Kronos Quartet at UCSB’s Campbell Hall
Paul Wellman

Although several decades of exposure to its recorded music has made the powerful, surging sound of the Kronos Quartet’s approach to the work of American composer Steve Reich familiar, the impact the group makes live can still come as a surprise. The combined effect of these four outstanding musicians — violinists David Harrington and John Sherba, violist Hank Dutt, and cellist Jeffrey Zeigler — along with the amplification that they use in concert and the augmentation of Reich’s scores by a variety of prerecorded elements, ranging from individual human voices to multiple string quartets, takes them far from the standard sound associated with string quartets. And if for the first few minutes it feels as though one has stumbled out of a classical concert and into a postmodern rock show, well, that’s part of their appeal.

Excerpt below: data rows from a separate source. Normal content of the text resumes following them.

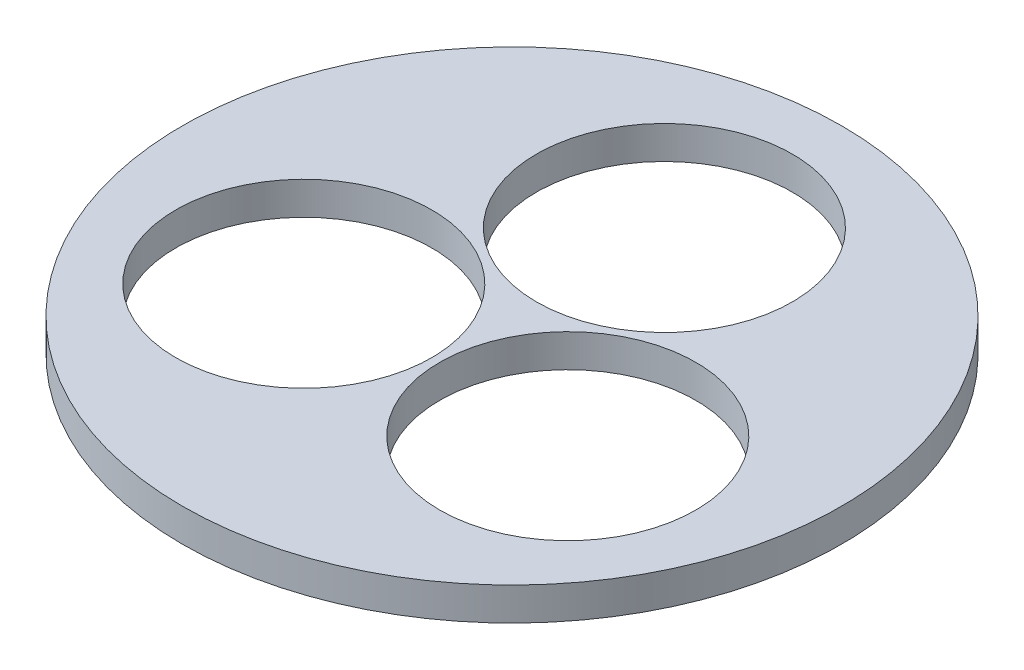
ISO-10303-21;
HEADER;
FILE_DESCRIPTION(('STEP AP214'),'2;1');
FILE_NAME('part.step','',(''),(''),'','','');
FILE_SCHEMA(('AUTOMOTIVE_DESIGN { 1 0 10303 214 1 1 1 1 }'));
ENDSEC;
DATA;
#1=APPLICATION_CONTEXT('core data for automotive mechanical design processes');
#2=APPLICATION_PROTOCOL_DEFINITION('international standard','automotive_design',2000,#1);
#3=PRODUCT_CONTEXT('',#1,'mechanical');
#4=PRODUCT('Part','Part','',(#3));
#5=PRODUCT_RELATED_PRODUCT_CATEGORY('part','',(#4));
#6=PRODUCT_DEFINITION_FORMATION('','',#4);
#7=PRODUCT_DEFINITION_CONTEXT('part definition',#1,'design');
#8=PRODUCT_DEFINITION('design','',#6,#7);
#9=PRODUCT_DEFINITION_SHAPE('','',#8);
#10=(LENGTH_UNIT() NAMED_UNIT(*) SI_UNIT(.MILLI.,.METRE.));
#11=(NAMED_UNIT(*) PLANE_ANGLE_UNIT() SI_UNIT($,.RADIAN.));
#12=(NAMED_UNIT(*) SI_UNIT($,.STERADIAN.) SOLID_ANGLE_UNIT());
#13=UNCERTAINTY_MEASURE_WITH_UNIT(LENGTH_MEASURE(1.E-05),#10,'distance_accuracy_value','');
#14=(GEOMETRIC_REPRESENTATION_CONTEXT(3) GLOBAL_UNCERTAINTY_ASSIGNED_CONTEXT((#13)) GLOBAL_UNIT_ASSIGNED_CONTEXT((#10,
#11,#12)) REPRESENTATION_CONTEXT('',''));
#15=CARTESIAN_POINT('',(0.,0.,0.));
#16=DIRECTION('',(0.,0.,1.));
#17=DIRECTION('',(1.,0.,0.));
#18=AXIS2_PLACEMENT_3D('',#15,#16,#17);
#19=CARTESIAN_POINT('',(0.,10.16,0.));
#20=DIRECTION('',(0.,-1.,0.));
#21=DIRECTION('',(0.,0.,-1.));
#22=AXIS2_PLACEMENT_3D('',#19,#20,#21);
#23=CYLINDRICAL_SURFACE('',#22,101.6);
#24=CARTESIAN_POINT('',(0.,10.16,0.));
#25=DIRECTION('',(0.,1.,0.));
#26=DIRECTION('',(0.,0.,1.));
#27=AXIS2_PLACEMENT_3D('',#24,#25,#26);
#28=CIRCLE('',#27,101.6);
#29=CARTESIAN_POINT('',(0.,10.16,101.6));
#30=VERTEX_POINT('',#29);
#31=EDGE_CURVE('E10',#30,#30,#28,.T.);
#32=ORIENTED_EDGE('',*,*,#31,.F.);
#33=EDGE_LOOP('',(#32));
#34=FACE_BOUND('',#33,.T.);
#35=CARTESIAN_POINT('',(0.,0.,0.));
#36=DIRECTION('',(0.,1.,0.));
#37=DIRECTION('',(0.,0.,1.));
#38=AXIS2_PLACEMENT_3D('',#35,#36,#37);
#39=CIRCLE('',#38,101.6);
#40=CARTESIAN_POINT('',(0.,0.,101.6));
#41=VERTEX_POINT('',#40);
#42=EDGE_CURVE('E38',#41,#41,#39,.T.);
#43=ORIENTED_EDGE('',*,*,#42,.T.);
#44=EDGE_LOOP('',(#43));
#45=FACE_BOUND('',#44,.T.);
#46=ADVANCED_FACE('F35',(#34,#45),#23,.T.);
#47=CARTESIAN_POINT('',(0.,10.16,0.));
#48=DIRECTION('',(0.,1.,0.));
#49=DIRECTION('',(0.,0.,1.));
#50=AXIS2_PLACEMENT_3D('',#47,#48,#49);
#51=PLANE('',#50);
#52=CARTESIAN_POINT('',(-40.694533723825,10.16,23.4949999999961));
#53=DIRECTION('',(0.,1.,0.));
#54=DIRECTION('',(0.,0.,1.));
#55=AXIS2_PLACEMENT_3D('',#52,#53,#54);
#56=CIRCLE('',#55,39.4716);
#57=CARTESIAN_POINT('',(-40.694533723825,10.16,62.9665999999961));
#58=VERTEX_POINT('',#57);
#59=EDGE_CURVE('E56',#58,#58,#56,.T.);
#60=ORIENTED_EDGE('',*,*,#59,.F.);
#61=EDGE_LOOP('',(#60));
#62=FACE_BOUND('',#61,.T.);
#63=CARTESIAN_POINT('',(40.6945337238365,10.16,23.4950000000039));
#64=DIRECTION('',(0.,1.,0.));
#65=DIRECTION('',(0.,0.,1.));
#66=AXIS2_PLACEMENT_3D('',#63,#64,#65);
#67=CIRCLE('',#66,39.4715999999999);
#68=CARTESIAN_POINT('',(40.6945337238365,10.16,62.9666000000038));
#69=VERTEX_POINT('',#68);
#70=EDGE_CURVE('E50',#69,#69,#67,.T.);
#71=ORIENTED_EDGE('',*,*,#70,.F.);
#72=EDGE_LOOP('',(#71));
#73=FACE_BOUND('',#72,.T.);
#74=CARTESIAN_POINT('',(1.25308594384312E-11,10.16,-46.99));
#75=DIRECTION('',(0.,1.,0.));
#76=DIRECTION('',(0.,0.,1.));
#77=AXIS2_PLACEMENT_3D('',#74,#75,#76);
#78=CIRCLE('',#77,39.4716);
#79=CARTESIAN_POINT('',(1.25308594384312E-11,10.16,-7.51839999999997));
#80=VERTEX_POINT('',#79);
#81=EDGE_CURVE('E47',#80,#80,#78,.T.);
#82=ORIENTED_EDGE('',*,*,#81,.F.);
#83=EDGE_LOOP('',(#82));
#84=FACE_BOUND('',#83,.T.);
#85=ORIENTED_EDGE('',*,*,#31,.T.);
#86=EDGE_LOOP('',(#85));
#87=FACE_BOUND('',#86,.T.);
#88=ADVANCED_FACE('F67',(#62,#73,#84,#87),#51,.T.);
#89=CARTESIAN_POINT('',(0.,0.,0.));
#90=DIRECTION('',(0.,1.,0.));
#91=DIRECTION('',(0.,0.,1.));
#92=AXIS2_PLACEMENT_3D('',#89,#90,#91);
#93=PLANE('',#92);
#94=CARTESIAN_POINT('',(-40.694533723825,0.,23.4949999999961));
#95=DIRECTION('',(0.,1.,0.));
#96=DIRECTION('',(0.,0.,1.));
#97=AXIS2_PLACEMENT_3D('',#94,#95,#96);
#98=CIRCLE('',#97,39.4716);
#99=CARTESIAN_POINT('',(-40.694533723825,0.,62.9665999999961));
#100=VERTEX_POINT('',#99);
#101=EDGE_CURVE('E53',#100,#100,#98,.T.);
#102=ORIENTED_EDGE('',*,*,#101,.T.);
#103=EDGE_LOOP('',(#102));
#104=FACE_BOUND('',#103,.T.);
#105=CARTESIAN_POINT('',(40.6945337238365,0.,23.4950000000039));
#106=DIRECTION('',(0.,1.,0.));
#107=DIRECTION('',(0.,0.,1.));
#108=AXIS2_PLACEMENT_3D('',#105,#106,#107);
#109=CIRCLE('',#108,39.4715999999999);
#110=CARTESIAN_POINT('',(40.6945337238365,0.,62.9666000000038));
#111=VERTEX_POINT('',#110);
#112=EDGE_CURVE('E59',#111,#111,#109,.T.);
#113=ORIENTED_EDGE('',*,*,#112,.T.);
#114=EDGE_LOOP('',(#113));
#115=FACE_BOUND('',#114,.T.);
#116=CARTESIAN_POINT('',(1.25308594384312E-11,0.,-46.99));
#117=DIRECTION('',(0.,1.,0.));
#118=DIRECTION('',(0.,0.,1.));
#119=AXIS2_PLACEMENT_3D('',#116,#117,#118);
#120=CIRCLE('',#119,39.4716);
#121=CARTESIAN_POINT('',(1.25308594384312E-11,0.,-7.51839999999997));
#122=VERTEX_POINT('',#121);
#123=EDGE_CURVE('E45',#122,#122,#120,.T.);
#124=ORIENTED_EDGE('',*,*,#123,.T.);
#125=EDGE_LOOP('',(#124));
#126=FACE_BOUND('',#125,.T.);
#127=ORIENTED_EDGE('',*,*,#42,.F.);
#128=EDGE_LOOP('',(#127));
#129=FACE_BOUND('',#128,.T.);
#130=ADVANCED_FACE('F70',(#104,#115,#126,#129),#93,.F.);
#131=CARTESIAN_POINT('',(1.25308594384312E-11,0.,-46.99));
#132=DIRECTION('',(0.,1.,0.));
#133=DIRECTION('',(0.,0.,1.));
#134=AXIS2_PLACEMENT_3D('',#131,#132,#133);
#135=CYLINDRICAL_SURFACE('',#134,39.4716);
#136=ORIENTED_EDGE('',*,*,#123,.F.);
#137=EDGE_LOOP('',(#136));
#138=FACE_BOUND('',#137,.T.);
#139=ORIENTED_EDGE('',*,*,#81,.T.);
#140=EDGE_LOOP('',(#139));
#141=FACE_BOUND('',#140,.T.);
#142=ADVANCED_FACE('F75',(#138,#141),#135,.F.);
#143=CARTESIAN_POINT('',(40.6945337238365,0.,23.4950000000039));
#144=DIRECTION('',(0.,1.,0.));
#145=DIRECTION('',(0.,0.,1.));
#146=AXIS2_PLACEMENT_3D('',#143,#144,#145);
#147=CYLINDRICAL_SURFACE('',#146,39.4715999999999);
#148=ORIENTED_EDGE('',*,*,#112,.F.);
#149=EDGE_LOOP('',(#148));
#150=FACE_BOUND('',#149,.T.);
#151=ORIENTED_EDGE('',*,*,#70,.T.);
#152=EDGE_LOOP('',(#151));
#153=FACE_BOUND('',#152,.T.);
#154=ADVANCED_FACE('F65',(#150,#153),#147,.F.);
#155=CARTESIAN_POINT('',(-40.694533723825,0.,23.4949999999961));
#156=DIRECTION('',(0.,1.,0.));
#157=DIRECTION('',(0.,0.,1.));
#158=AXIS2_PLACEMENT_3D('',#155,#156,#157);
#159=CYLINDRICAL_SURFACE('',#158,39.4716);
#160=ORIENTED_EDGE('',*,*,#101,.F.);
#161=EDGE_LOOP('',(#160));
#162=FACE_BOUND('',#161,.T.);
#163=ORIENTED_EDGE('',*,*,#59,.T.);
#164=EDGE_LOOP('',(#163));
#165=FACE_BOUND('',#164,.T.);
#166=ADVANCED_FACE('F83',(#162,#165),#159,.F.);
#167=CLOSED_SHELL('',(#46,#88,#130,#142,#154,#166));
#168=MANIFOLD_SOLID_BREP('B2',#167);
#169=ADVANCED_BREP_SHAPE_REPRESENTATION('',(#18,#168),#14);
#170=SHAPE_DEFINITION_REPRESENTATION(#9,#169);
ENDSEC;
END-ISO-10303-21;

Thursday’s all-Reich program began with the 1999 Triple Quartet, and immediately the audience was immersed in the Kronos/Reich world of dense, interlocking chords and drawn-out canon forms. Kronos followed with selections from The Cave (1993), a piece Reich composed as part of a documentary he made with his wife about a historic site in the Holy Land. This piece introduced both the interfaith context in which the rest of the program was intended to be understood and the technique of sound sampling the human voice that would be continued in the new piece WTC 9/11 and in 1988’s Different Trains. While all the music presented on this evening had extraordinary power, it was, paradoxically, the least busy section of all — the “Interior Drone” of The Cave — that perhaps came off as the most captivating, proving that sometimes less is more.